Items from a data source:
+-------+

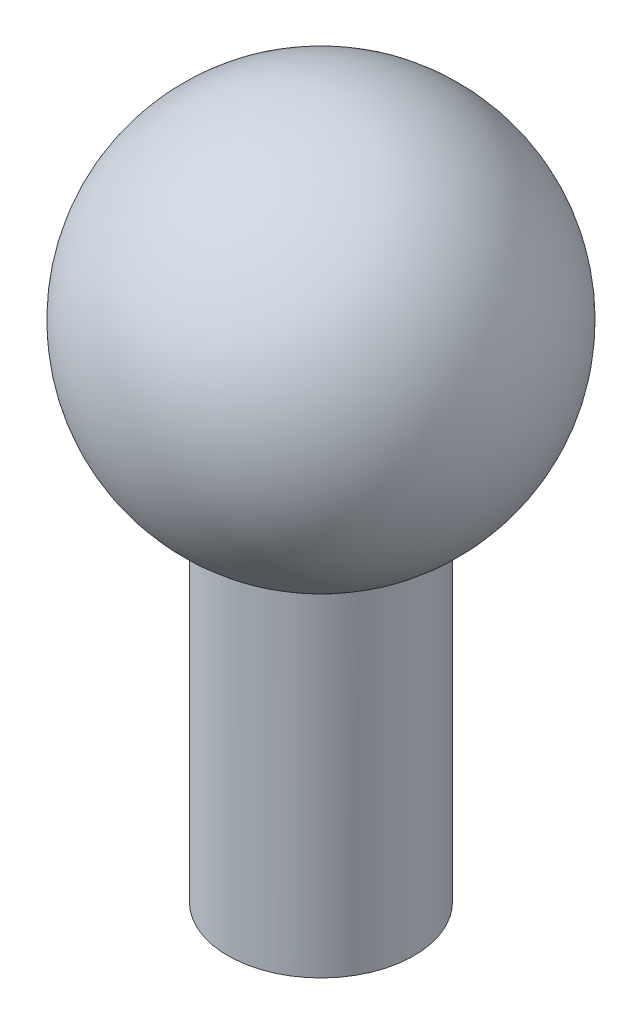
SolidWorks part; units mm, degrees
ref_plane "Front Plane" through (0, 0, 0) normal (0, 0, 1) x (1, 0, 0)
ref_plane "Top Plane" through (0, 0, 0) normal (0, 1, 0) x (1, 0, 0)
ref_plane "Right Plane" through (0, 0, 0) normal (1, 0, 0) x (0, 0, -1)
sketch "Sketch1" plane through (0, 0, 0) normal (0, 0, 1) x (1, 0, 0)
  line L0 (0, 0) -> (-12, 0)
  line L1 (-12, 0) -> (-12, 43.0683)
  line L16 (0, 0) -> (0, 90)
  arc A0 (0, 90) -> (-12, 43.0683) centre (0, 65) ccw
  dimension "D1" = 50
  dimension "D2" = 90
  dimension "D3" = 12
revolve "Revolve1" add sketch "Sketch1" angle 360 about L16
sketch "Sketch2" plane through (0, 0, 0) normal (0, -1, 0) x (-1, 0, 0)
  circle A0 centre (0, 0) radius 10
  circle A1 centre (0, -22) radius 5
  circle A2 centre (0, 22) radius 5
  dimension "D1" = 20
  dimension "D3" = 10
  dimension "D4" = 10
  dimension "D2" = 22
  dimension "D5" = 22
extrude "Cut-Extrude1" cut sketch "Sketch2" against normal blind 30
sketch "Sketch3" plane through (0, 100, 0) normal (0, 1, 0) x (1, 0, 0)
  circle A0 centre (0, 0) radius 31
  circle A1 centre (0, 0) radius 31 construction
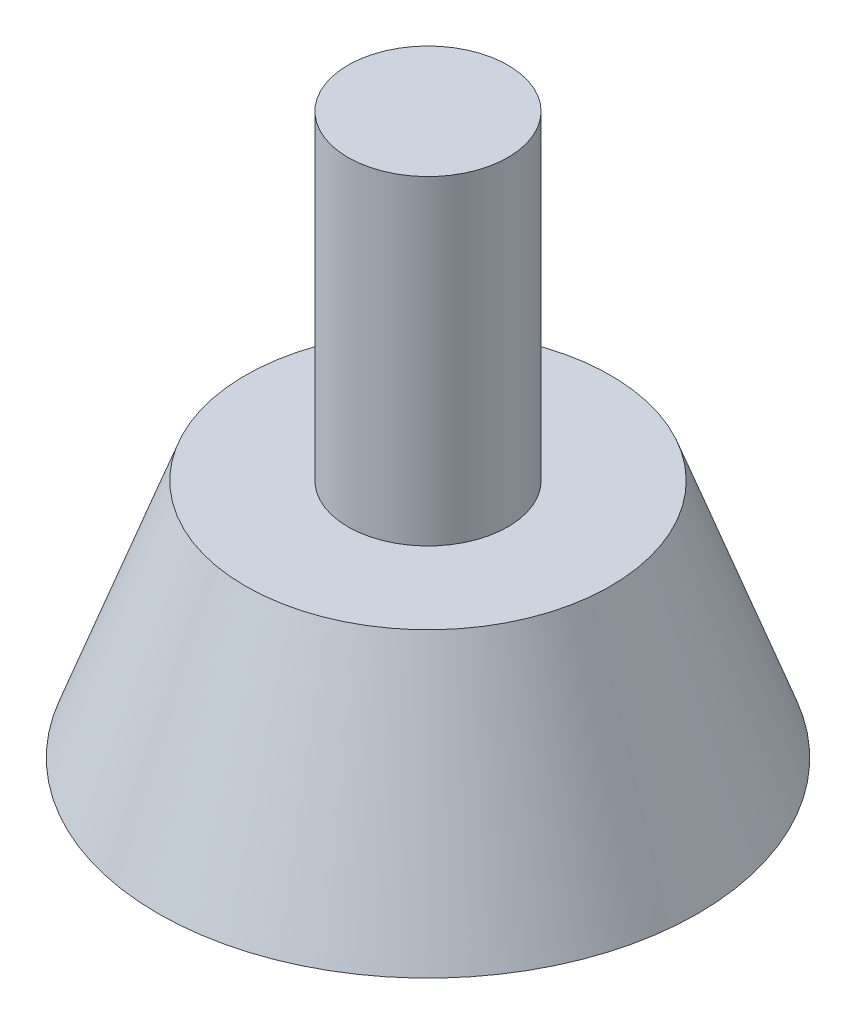
SolidWorks part; units mm, degrees
ref_plane "Front Plane" through (0, 0, 0) normal (0, 0, 1) x (1, 0, 0)
ref_plane "Top Plane" through (0, 0, 0) normal (0, 1, 0) x (1, 0, 0)
ref_plane "Right Plane" through (0, 0, 0) normal (1, 0, 0) x (0, 0, -1)
sketch "Sketch2" plane through (0, 0, 0) normal (0, 1, 0) x (1, 0, 0)
  circle A0 centre (0, 0) radius 13.5
  dimension "D1" = 27
extrude "Boss-Extrude1" add sketch "Sketch2" along normal blind 12 draft 20
sketch "Sketch3" plane through (0, 12, 0) normal (0, 1, 0) x (1, 0, 0)
  circle A0 centre (0, 0) radius 4
  dimension "D1" = 8
extrude "Boss-Extrude2" add sketch "Sketch3" along normal blind 16

+-------+

EXERCISE OBJECTIVE:
Show every line in the records above that contains the word "sketch".

SOLVED EXERCISE:
sketch "Sketch1" plane through (0, 0, 0) normal (0, 0, 1) x (1, 0, 0)
revolve "Revolve1" add sketch "Sketch1" angle 360 about L16
sketch "Sketch2" plane through (0, 0, 0) normal (0, -1, 0) x (-1, 0, 0)
extrude "Cut-Extrude1" cut sketch "Sketch2" against normal blind 30
sketch "Sketch3" plane through (0, 100, 0) normal (0, 1, 0) x (1, 0, 0)
sketch "Sketch2" plane through (0, 0, 0) normal (0, 1, 0) x (1, 0, 0)
extrude "Boss-Extrude1" add sketch "Sketch2" along normal blind 12 draft 20
sketch "Sketch3" plane through (0, 12, 0) normal (0, 1, 0) x (1, 0, 0)
extrude "Boss-Extrude2" add sketch "Sketch3" along normal blind 16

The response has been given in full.